Evaluation of the Relationships between Saliency Maps and Keypoints

Ryuugo Mochizuki; Kazuo Ishii

doi:10.2991/jrnal.k.200512.004

<Previous Article In Issue

Download article (PDF)

Next Article In Issue>

Volume 7, Issue 1, June 2020, Pages 16 - 21

Evaluation of the Relationships between Saliency Maps and Keypoints

Authors

Ryuugo Mochizuki^*, Kazuo Ishii

Center for Socio-Robotic Synthesis, Kyushu Institute of Technology, 2-4, Hibikino Wakamatsuku, Kitakyushu 808-0196, Japan

^*Corresponding author. Email: rmochizuki@lsse.kyutech.ac.jp

Corresponding Author

Ryuugo Mochizuki

Received 26 November 2019, Accepted 19 February 2020, Available Online 18 May 2020.

DOI: 10.2991/jrnal.k.200512.004 How to use a DOI?
Keywords: Saliency map; binary robust invariant scalable keypoint; keypoint stability
Abstract: The saliency map is proposed by Itti et al., to represent the conspicuity or saliency in the visual field and to guide the selection of attended locations based on the spatial distribution of saliency, which works as the trigger of bottom-up attention. If a certain location in the visual field is sufficiently different from its surrounding, we naturally pay attention to the characteristic of visual scene. In the research of computer vision, image feature extraction methods such as Scale-Invariant Feature Transform (SIFT), Speed-Up Robust Features (SURF), Binary Robust Invariant Scalable Keypoint (BRISK) etc., have been proposed to extract keypoints robust to size change or rotation of target objects. These feature extraction methods are inevitable techniques for image mosaicking and Visual SLAM (Simultaneous Localization and Mapping), on the other hand, have big influence to photographing condition change of luminance, defocusing and so on. However, the relation between human attention model, Saliency map, and feature extraction methods in computer vision is not well discussed. In this paper, we propose a new saliency map and discuss the stability of keypoints extraction and their locations using BRISK by comparing other saliency maps.
Copyright: © 2020 The Authors. Published by Atlantis Press SARL.
Open Access: This is an open access article distributed under the CC BY-NC 4.0 license (http://creativecommons.org/licenses/by-nc/4.0/).

1. INTRODUCTION

In recent years, many attempts have been done such as the selection of desired information in input information [1,2]. If attention models can be constructed to select information, the intelligence and awareness of humans can be implemented in computers.

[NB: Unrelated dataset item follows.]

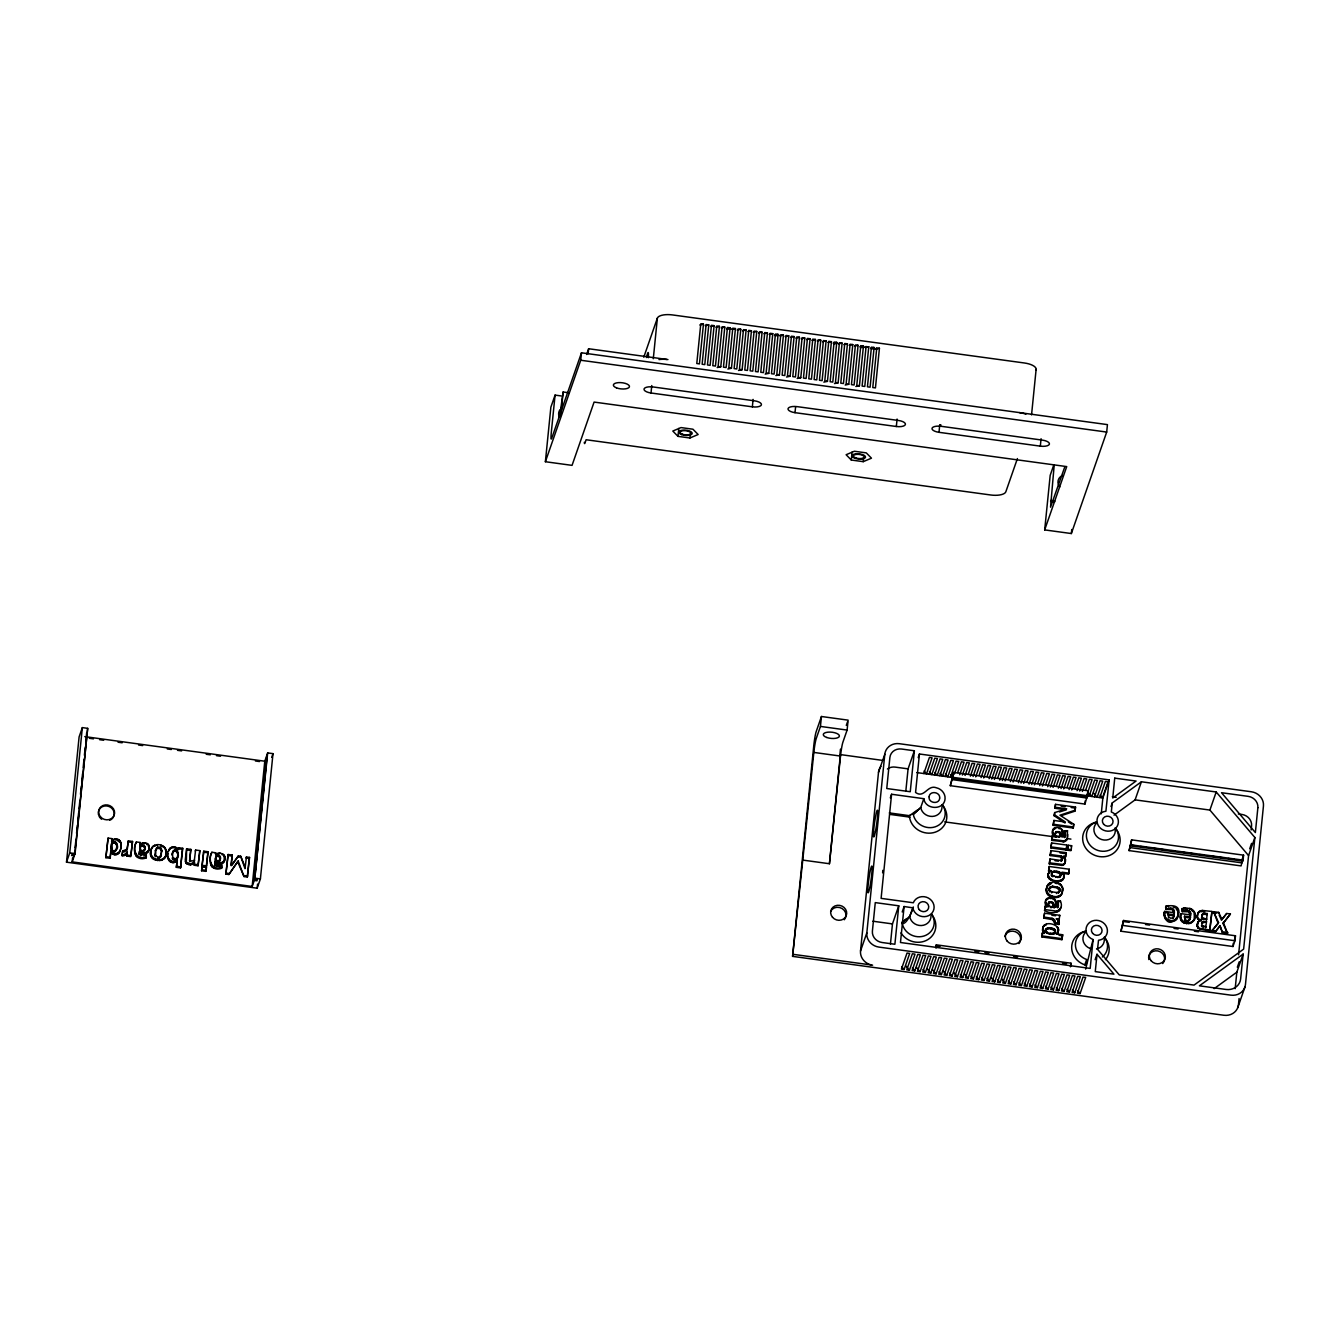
<?xml version="1.0" encoding="UTF-8"?>
<svg xmlns="http://www.w3.org/2000/svg" width="1330" height="1330" viewBox="0 0 1330 1330"><rect width="100%" height="100%" fill="white"/><g stroke="black" fill="none" stroke-linecap="round" stroke-linejoin="round"><path stroke-width="1.5" d="M168.095 853.627C166.233 859.114 173.199 864.5 177.322 859.928L176.325 867.326L180.531 867.908L182.742 848.291L178.885 847.759L178.536 848.773L182.393 849.305L182.742 848.291M155.743 849.571L155.394 856.703L155.394 850.568L157.638 847.243L160.498 847.642L161.878 850.402L160.298 857.368L157.738 858.299L161.429 854.858M155.394 850.568L157.289 848.257L160.149 848.64L161.529 851.416L161.08 855.855M1197.116 925.763L1198.679 921.075L1201.422 919.978L1201.073 920.992L1199.128 920.227L1197.083 917.634L1198.895 911.649L1202.17 910.418L1211.929 911.466L1209.718 931.067L1198.33 928.39L1197.116 925.763L1197.848 922.222M929.022 797.069C928.589 803.27 939.047 804.667 939.712 798.266M1062.471 887.293L1062.354 891.433C1065.762 882.023 1048.19 877.95 1046.66 887.659C1042.836 897.401 1060.675 901.989 1062.404 892.031L1062.055 893.045L1062.703 890.418M1061.506 894.408L1061.855 893.411C1057.533 900.377 1043.668 895.223 1047.009 886.645L1046.66 887.659M139.667 851L140.032 854.259L146.317 854.658L146.117 857.95C135.394 861.956 131.786 849.937 136.392 841.957L140.182 842.472L139.916 845.381L142.293 843.104C154.43 840.061 148.345 860.726 139.317 851.998L139.667 851C143.308 855.473 152.302 851.2 148.162 845.681L148.511 844.683M146.466 856.936C136.425 860.743 132.102 849.986 136.392 841.957M165.967 854.891L165.618 855.888L166.084 850.086C164.588 843.719 153.299 842.289 151.371 849.105L151.72 848.091L150.872 850.518L151.221 849.504C145.219 863.02 170.589 864.583 166.084 850.086M224.288 860.859L220.913 862.987L215.177 861.308L215.543 864.567L221.811 864.966L221.611 868.257C210.888 872.28 207.297 860.244 211.902 852.264L215.693 852.796L215.759 854.691C219.666 850.568 227.763 855.373 224.354 860.926M221.96 867.243C211.919 871.05 207.613 860.294 211.902 852.264M165.103 857.285L165.452 856.287C161.894 863.137 149.193 859.097 150.938 851.167L150.589 852.181M1178.031 916.619L1178.147 911.914L1175.953 908.407M1165.978 909.437L1168.704 907.991L1172.628 908.54L1174.49 912.762L1164.598 911.399C1165.396 940.593 1195.304 900.759 1165.895 906.212L1165.978 909.437L1172.279 909.537L1174.141 913.76M1194.323 918.847L1194.307 911.798L1191.364 908.822L1185.047 907.792L1181.838 909.437L1182.27 911.665L1188.571 911.765L1190.433 915.988L1190.716 913.128L1188.92 910.767L1184.997 910.219L1182.27 911.665M1190.782 914.974L1180.89 913.627C1175.82 927.991 1201.04 925.63 1194.307 911.798M1177.898 917.002C1174.44 924.466 1161.572 919.462 1164.598 911.399M1194.19 919.23C1191.215 926.046 1178.945 922.554 1180.757 914.94L1180.408 915.954M111.853 849.571L111.504 850.568C108.462 831.732 125.668 848.673 112.568 851.516L111.77 844.134M177.256 857.634C179.317 854.508 175.942 848.39 172.784 852.281M177.222 857.784L175.893 859.862C182.858 854.841 172.833 843.952 172.152 855.19L172.767 852.414M116.259 849.355C118.387 846.229 114.945 840.028 111.803 843.985M172.501 854.192L172.833 857.9L176.242 858.848M1054.175 465.35L1050.534 507.162L1064.848 466.714M72.601 857.784L72.186 861.89L252.168 886.462L254.279 880.443L256.939 880.809L257.372 879.546L254.712 879.18L267.313 753.927L267.663 752.913L272.999 753.644L260.397 878.914L257.156 888.207L66.5 862.173L79.102 736.903L82.344 727.61L87.68 728.341L75.062 853.611L74.713 854.608L72.053 854.242L71.621 855.506L74.281 855.872L74.696 851.765M66.5 862.173L69.742 852.879L82.344 727.61M75.112 847.642L75.943 839.43M76.558 833.278L77.389 825.066M77.788 820.959L78.62 812.746M79.035 808.64L79.867 800.427M80.482 794.259L81.313 786.047M81.728 781.94L82.543 773.727M83.175 767.56L83.99 759.347M84.405 755.24L85.236 747.028M85.852 740.86L86.683 732.647M74.713 854.608L87.68 728.341M111.038 851.117L110.074 858.282L105.851 857.7L108.079 838.1L111.953 838.632L111.67 841.558L113.981 839.28C127.248 836.154 119.983 863.17 110.689 852.131L111.038 851.117L112.568 852.863L116.342 853.727L119.584 851.882M105.851 857.7L108.079 838.1M110.074 858.282L110.689 852.131M128.328 840.859L127.131 849.238L128.328 840.859L132.535 841.441L130.756 856.603L126.649 856.038L127.298 852.098L125.386 855.14L121.994 855.639L122.709 850.984L127.098 849.139L126.184 850.868L126.533 849.87M121.994 855.639L122.709 850.984M126.649 856.038L126.949 853.095M130.955 854.575L132.535 841.441M139.583 853.644L139.234 854.658L139.317 851.998M176.325 867.326L177.322 859.928M180.531 867.908L182.393 849.305M190.838 849.388L189.592 860.992L190.838 849.388L186.632 848.823L186.3 862.289L190.772 863.885L194.562 861.973L194.263 865.265L198.054 865.78L199.833 850.618L195.61 850.053L195.261 851.05M195.61 850.053L194.23 861.258L194.579 860.244L191.686 861.125L189.941 859.978M198.054 865.78L199.833 850.618M201.561 870.768L202.21 866.744L206.433 867.31L206.133 870.352L205.784 871.35L201.561 870.768L202.21 866.744M201.994 866.329L203.773 851.167L208.012 851.749L206.582 865.897L206.233 866.911L201.994 866.329L203.773 851.167M205.784 871.35L206.433 867.31M206.233 866.911L208.012 851.749M249.558 857.418L249.209 858.415L246.083 858L246.432 856.986L249.558 857.418L247.33 877.019L244.005 876.57L238.186 860.992L228.86 874.492L225.884 874.093L228.112 854.492L232.251 855.057L231.171 865.714L238.386 855.888L240.697 856.204L245.352 867.659M225.884 874.093L228.112 854.492M231.004 864.949L232.251 855.057M246.432 856.986L245.003 868.656L240.697 856.204M247.33 877.019L249.209 858.415M252.168 886.462L264.786 761.209L266.881 755.174L254.279 880.443M254.712 879.18L267.663 752.913M257.156 888.207L257.571 884.101M555.076 395.11L551.318 432.317A10.806 0.914 -82.2 0 0 551.734 438.218L581.476 352.799L1107.441 424.619L1106.693 432.067L1071.348 533.546L1044.682 529.905L1066.726 466.597L594.094 402.076L572.05 465.367L545.383 461.726L550.869 407.163L555.076 395.11L561.227 395.941M559.714 416.124L563.139 392.001L569.29 392.832M560.944 413.813L563.139 392.001M545.383 461.726L580.728 360.247L581.476 352.799M588.143 353.714L588.641 348.743L667.959 359.582M653.296 358.734L657.369 318.136A13.499 5.204 5.7 0 1 672.465 314.927L1024.433 362.99A13.499 5.204 5.7 0 1 1036.02 369.84M651.018 392.998A8.096 3.126 5.7 0 1 644.069 388.892A8.096 3.126 5.7 0 1 653.113 386.964L754.443 400.812A8.096 3.126 5.7 0 1 761.392 404.919A8.096 3.126 5.7 0 1 752.348 406.83L651.018 392.998L651.767 385.55M677.984 436.356L672.797 431.053L681.043 427.578L692.947 429.208L698.15 434.511L689.904 437.986L677.984 436.356L678.782 428.426M689.904 437.986L690.303 434.012M703.454 324.188L699.447 363.888L696.787 363.522L700.777 323.822L703.454 324.188L699.829 324.969M708.774 324.919L704.784 364.603L702.124 364.254L706.114 324.553L708.774 324.919L705.166 325.684M714.11 325.651L710.12 365.334L707.46 364.969L711.45 325.285L714.11 325.651L710.486 326.415M719.447 326.382L715.457 366.066L712.78 365.7L716.787 326.016L719.447 326.382L715.823 327.147M720.777 366.797L724.784 327.113L722.107 326.748L718.117 366.432L720.777 366.797L717.169 367.562M730.12 327.828L726.114 367.529L723.454 367.163L727.444 327.479L730.12 327.828L726.496 328.61M731.45 368.244L735.44 328.56L732.78 328.194L728.79 367.895L731.45 368.244L727.826 369.025M740.777 329.291L736.787 368.975L734.11 368.61L738.117 328.926L740.777 329.291L737.153 330.056M742.123 369.707L746.113 330.023L743.453 329.657L739.447 369.341L742.123 369.707L738.499 370.472M751.45 330.754L747.443 370.438L744.783 370.072L748.773 330.389L751.45 330.754L747.826 331.519M756.77 331.469L752.78 371.17L750.12 370.804L754.11 331.12L756.77 331.469L753.162 332.251M752.348 406.83L753.096 399.399M762.107 332.201L758.117 371.885L755.457 371.536L759.447 331.835L762.107 332.201L758.499 332.966M767.443 332.932L763.453 372.616L760.777 372.25L764.783 332.567L767.443 332.932L763.819 333.697M768.79 373.348L772.78 333.664L770.103 333.298L766.113 372.982L768.79 373.348L765.166 374.112M778.117 334.395L774.11 374.079L771.45 373.713L775.44 334.029L778.117 334.395L774.492 335.16M779.447 374.811L783.437 335.11L780.777 334.761L776.787 374.445L779.447 374.811L775.822 375.575M788.773 335.842L784.783 375.526L782.123 375.176L786.113 335.476L788.773 335.842L785.149 336.606M790.12 376.257L794.11 336.573L791.45 336.207L787.443 375.891L790.12 376.257L786.495 377.038M799.446 337.305L795.44 376.988L792.78 376.623L796.77 336.939L799.446 337.305L795.822 338.069M795.008 412.666A8.096 3.126 5.7 0 1 788.058 408.559A8.096 3.126 5.7 0 1 797.102 406.631L898.432 420.463A8.096 3.126 5.7 0 1 905.381 424.569A8.096 3.126 5.7 0 1 896.337 426.498L795.008 412.666L795.573 407.08M800.776 377.72L804.783 338.036L802.106 337.67L798.116 377.354L800.776 377.72L797.169 378.485M810.103 338.751L806.113 378.452L803.453 378.086L807.443 338.402L810.103 338.751L806.495 339.532M815.44 339.483L811.45 379.166L808.773 378.817L812.78 339.117L815.44 339.483L811.815 340.247M820.776 340.214L816.786 379.898L814.11 379.532L818.1 339.848L820.776 340.214L817.152 340.979M826.113 340.946L822.106 380.629L819.446 380.264L823.436 340.58L826.113 340.946L822.489 341.71M827.443 381.361L831.433 341.677L828.773 341.311L824.783 380.995L827.443 381.361L823.819 382.126M836.769 342.392L832.78 382.092L830.12 381.727L834.11 342.043L836.769 342.392L833.145 343.173M838.116 382.807L842.106 343.123L839.446 342.758L835.44 382.458L838.116 382.807L834.492 383.589M847.443 343.855L843.453 383.539L840.776 383.173L844.766 343.489L847.443 343.855L843.819 344.62M848.773 384.27L852.779 344.586L850.103 344.221L846.113 383.904L848.773 384.27L845.165 385.035M1239.095 998.514L1238.463 1004.682A13.499 12.419 19.2 0 1 1223.883 1015.255L792.58 956.37L813.794 745.532A10.806 0.914 -82.2 0 1 816.204 731.583L821.441 716.504L848.108 720.145L847.11 730.07L842.921 742.123A10.806 0.914 -82.2 0 0 840.51 756.072L829.438 863.735L802.771 860.094L813.844 752.431A10.806 0.914 -82.2 0 1 816.254 738.483L820.444 726.429L821.441 716.504M792.58 956.37L802.771 860.094M858.099 345.318L854.109 385.002L851.449 384.636L855.439 344.952L858.099 345.318L854.492 346.083M851.3 460.03L846.113 454.727L854.359 451.252L866.279 452.882L871.466 458.185L863.22 461.66L851.3 460.03L852.098 452.084M859.446 385.733L863.436 346.033L860.776 345.684L856.769 385.368L859.446 385.733L855.822 386.498M866.113 346.399L862.106 386.099L864.783 386.448L868.773 346.764L860.676 347.562M874.109 347.496L870.103 387.18L867.443 386.814L871.433 347.13L874.109 347.496L870.485 348.26M863.22 461.66L863.619 457.686M876.769 347.862L872.779 387.545L875.439 387.911L879.429 348.227L871.35 349.009M839.895 754.742L840.46 749.172M829.438 863.735L840.41 754.592L882.006 760.311M896.337 426.498L897.085 419.05M872.613 965.181L871.449 964.982A13.499 12.419 19.2 0 1 860.527 950.967L878.498 772.364L884.799 754.276A13.499 12.419 19.2 0 1 899.379 743.703L1251.364 791.766A13.499 12.419 19.2 0 1 1263.45 805.98L1245.462 984.582A13.499 12.419 19.2 0 1 1230.882 995.156L878.914 947.093A13.499 12.419 19.2 0 1 866.827 932.879L884.799 754.276M904.101 906.528L900.476 942.505L1090.184 968.406L1093.077 939.562A10.806 9.925 19.2 0 1 1088.555 923.436A10.806 9.925 19.2 0 1 1106.028 925.83A10.806 9.925 19.2 0 1 1098.514 940.277L1097.516 949.288L1119.262 974.89L1194.057 985.098L1243.633 949.121L1254.872 837.501L1216.202 791.982L1141.406 781.774L1112.246 802.938L1111.331 811.965A10.806 9.925 19.2 0 1 1115.87 828.075A10.806 9.925 19.2 0 1 1098.397 825.681A10.806 9.925 19.2 0 1 1105.912 811.234L1109.153 779.895L919.446 753.994L915.572 792.464C924.433 798.931 927.442 784.185 936.486 787.826C941.374 788.856 945.48 793.561 945.065 798.715C944.283 810.602 925.298 809.97 923.818 798.698L891.582 794.259L881.108 898.365L913.311 902.771A10.806 9.925 19.2 0 1 930.335 899.363A10.806 9.925 19.2 0 1 928.689 915.622A10.806 9.925 19.2 0 1 912.829 907.825L904.101 906.528L902.205 911.964M938.997 432.317A8.096 3.126 5.7 0 1 932.047 428.21A8.096 3.126 5.7 0 1 941.108 426.298L1042.437 440.13A8.096 3.126 5.7 0 1 1049.387 444.237A8.096 3.126 5.7 0 1 1040.326 446.149L938.997 432.317L939.745 424.885M890.435 944.134L892.463 923.901L898.764 905.813L875.273 902.605L872.397 931.133A10.806 9.925 19.2 0 0 882.073 942.505L894.89 944.25L898.764 905.813M905.797 791.383L908.074 768.856L914.375 750.785L901.54 749.023A10.806 9.925 19.2 0 0 889.886 757.485L886.761 788.524L910.252 791.732L914.375 750.785M950.285 785.681L953.677 772.431L1088.339 790.818L1087.84 795.772L1087.491 796.786L952.829 778.399L953.078 775.922L950.285 785.681L1084.947 804.068L1087.741 794.309L1087.491 796.786M935.988 948.124L936.32 944.832L1070.983 963.203L1070.65 966.511M952.829 778.399L953.677 772.431M1031.548 414.877L1036.12 369.391M1040.326 446.149L1041.074 438.717M1044.682 529.905L1050.185 475.342L1053.776 465.001M1071.348 533.546L1071.764 529.506M1042.737 927.991C1044.964 918.398 1065.53 926.761 1056.053 933.86L1062.67 934.757L1061.922 939.678L1041.922 936.952L1042.637 932.347L1044.698 932.38L1042.853 928.174M1059.395 919.097L1056.236 918.664L1059.212 921.441L1058.863 924.45L1054.939 923.918L1052.728 919.695L1043.817 918.116L1044.565 913.211L1059.777 915.289L1059.046 920.094M1057.998 900.975L1058.198 906.013L1057.998 900.975L1060.426 900.959C1064.998 911.715 1052.529 915.406 1044.582 910.618L1045.28 906.079L1047.309 906.112L1045.53 901.773L1046.095 906.295L1046.444 905.281M1049.27 866.495L1048.905 870.086L1050.916 870.601L1050.567 871.615L1048.555 871.084L1049.27 866.495L1069.27 869.222L1068.522 874.142L1061.639 873.195L1062.62 874.159L1061.988 872.197L1068.871 873.128M1063.701 864.899L1065.081 862.838L1062.121 865.398L1049.287 863.885L1050.018 858.964L1060.708 860.427L1062.52 858.781L1061.44 856.021L1050.467 854.525L1050.118 855.523L1061.091 857.019L1061.639 860.992L1062.52 858.781M1050.118 855.523L1050.866 850.601L1066.078 852.68L1065.38 857.202L1062.936 857.135L1064.05 858.033L1063.285 856.121L1065.729 856.204M1050.883 847.925L1051.631 842.987L1066.86 845.065L1066.461 849.006L1066.111 850.003L1050.883 847.925L1051.631 842.987M1066.627 840.294L1067.491 838.415L1064.083 841.74L1051.648 840.377L1052.346 835.839L1054.374 835.872L1052.595 831.533L1053.161 836.055L1053.51 835.04M1054.873 808.258L1055.521 804.351L1075.521 807.077L1075.205 810.17L1059.943 815.19L1073.792 824.268L1073.16 828.025L1053.161 825.298L1053.909 820.444L1065.363 822.007L1054.474 814.741L1054.69 812.58L1066.693 808.823L1055.222 807.244L1054.873 808.258L1066.344 809.82L1059.495 811.965M1065.014 823.004L1054.125 815.739L1054.69 812.58M1041.922 936.952L1042.637 932.347M1043.817 918.116L1044.565 913.211M1044.582 910.618L1045.28 906.079M1049.287 863.885L1050.018 858.964M1050.467 854.525L1050.866 850.601M1051.648 840.377L1052.346 835.839M1053.161 825.298L1053.909 820.444M1055.222 807.244L1055.521 804.351M1065.38 857.202L1066.078 852.68M1066.111 850.003L1066.86 845.065M1067.624 850.219L1068.372 845.282L1071.631 845.714L1071.232 849.654L1070.883 850.668L1067.624 850.219L1068.372 845.282M1061.922 939.678L1062.67 934.757M1068.522 874.142L1069.27 869.222M1073.16 828.025L1073.792 824.268M1061.506 815.573L1074.856 811.184L1075.521 807.077M1084.947 804.068L1085.28 800.76M1070.384 966.694L1070.983 963.203M1085.629 969.088L1093.077 939.562M1101.257 813.81L1102.853 797.983L1109.153 779.895M1097.017 954.258L1095.272 971.615L1113.925 974.159L1097.017 954.258L1095.122 959.678M1120.974 931.216L1123.484 920.493L1235.47 935.771L1234.972 940.742L1232.96 946.511L1120.974 931.216L1123.484 920.493M1129.087 850.601L1131.597 839.862L1243.583 855.157L1243.085 860.128L1242.735 861.125L1130.749 845.83L1130.999 843.353L1129.087 850.601L1241.073 865.897L1242.37 860.41L1238.313 859.845M1130.749 845.83L1131.597 839.862M1206.526 921.557L1205.645 927.791L1205.994 926.794L1202.27 925.614L1201.688 923.519L1202.669 921.69L1206.526 921.557L1201.655 923.419L1202.004 922.422M1207.324 913.544L1206.426 920.111L1206.775 919.097L1202.42 917.833L1201.788 915.705L1203.8 913.245L1207.324 913.544L1206.975 914.541L1203.451 914.242L1201.755 915.472L1202.104 914.475M1209.718 931.067L1211.929 911.466M1232.96 946.511L1233.292 943.203M1242.735 861.125L1242.985 858.648M1235.171 988.705L1236.834 972.18L1243.134 954.092L1199.394 985.829L1226.061 989.47A13.499 12.419 19.2 0 0 1240.641 978.897L1243.134 954.092M1238.579 954.807L1248.571 855.589L1254.872 837.501M1251.148 829.953L1251.563 825.83A10.806 9.925 19.2 0 0 1241.888 814.442L1238.33 813.96M929.055 796.653C929.886 790.452 940.011 791.799 939.728 797.85M1042.288 933.361L1044.349 933.394L1042.537 930.335L1043.086 926.977M1058.863 924.45L1057.483 919.296M1059.362 922.688L1055.289 922.904L1054.557 919.994L1052.097 918.282L1044.166 917.118M1065.613 834.775L1065.047 836.869L1065.064 830.735L1067.491 830.718L1067.142 839.43M1058.547 905.015L1057.55 907.841L1057.899 906.844L1054.407 907.01L1054.058 908.008L1055.538 905.713L1054.407 907.01M168.777 850.435C164.504 856.071 170.572 866.877 176.957 860.926M1050.916 870.601C1038.048 881.059 1069.669 887.459 1062.969 873.162M144.854 849.355L141.911 851.616L144.505 850.352L145.086 846.994L143.923 845.531L140.83 845.597L140.082 850.651L139.999 847.459M220.63 858.449L219.433 861.491L220.181 856.42L216.341 855.905L215.576 860.959L215.776 856.653M1045.846 930.767L1045.496 931.765C1044.649 926.096 1055.106 926.91 1055.471 931.349C1054.308 935.123 1044.848 933.693 1045.995 929.254M1061.19 874.525C1060.16 878.448 1050.501 876.969 1051.714 872.497C1054.291 869.438 1064.166 871.682 1060.293 876.869L1060.06 876.287M178.885 847.759L178.436 849.621C176.142 845.365 168.943 846.329 168.428 851.433M215.161 858.781L216.341 855.905M1060.077 909.654L1060.658 907.359M1173.459 917.467L1173.808 916.47L1172.761 918.614L1174.24 914.791L1168.305 913.976L1167.956 914.974L1173.891 915.788L1174.24 914.791M1189.752 919.695L1190.101 918.681L1189.037 920.842L1190.533 917.002L1184.598 916.204L1184.249 917.201L1190.184 918.016L1190.533 917.002M1052.246 832.53C1052.329 822.971 1067.907 828.657 1062.254 836.487L1062.603 835.473L1061.49 836.769L1064.333 837.002L1065.397 835.855M1045.18 902.771C1045.264 893.195 1060.841 898.897 1055.189 906.711M1056.003 831.815L1054.856 835.606L1056.003 831.815L1059.461 831.832L1060.858 833.245L1060.293 836.337L1058.68 837.318L1060.858 833.245M1048.938 902.056L1048.24 906.644L1048.938 902.056L1053.293 902.654L1053.227 906.578L1053.875 904.566M1064.732 863.852L1065.53 859.779L1064.399 857.035M1085.829 931.183A18.903 17.373 19.2 0 0 1071.681 947.01A18.903 17.373 19.2 0 0 1084.831 964.865L1085.779 965.164L1086.81 961.873M1084.831 964.865L1086.677 959.495A16.209 14.896 19.2 0 1 1075.405 944.782A16.209 14.896 19.2 0 1 1086.327 930.917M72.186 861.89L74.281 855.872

According to Itti et al., saliency is defined as the property of images, which triggers bottom-up attentions. Saliency occurs by the local conspicuity over the entire visual scene [3]. In this model (Figure 1), input image is decomposed into luminance, color, and orientation components, then, each component is processed individually with Gaussian filter.

Considering that the saliency map is applied to environment recognition by mobile robots, various changes in photographing condition are expected to affect the input image. The change affects spatial frequency components of the image. If the spatial frequency changes, the response of Gaussian filter also changes, then, the effect reflects saliency map. Considering that the saliency map is used to select the keypoints of the image, changes in the saliency map affect the results of feature selection, then, input data of detectors vary. Thus, recognition results are influenced according to the change in photographing conditions.

For keypoint extraction, small influence is desirable in spite of the variety of object size, angle and luminance. In case of the keypoint application for object detection, repetitively extracted keypoints are ideal to select.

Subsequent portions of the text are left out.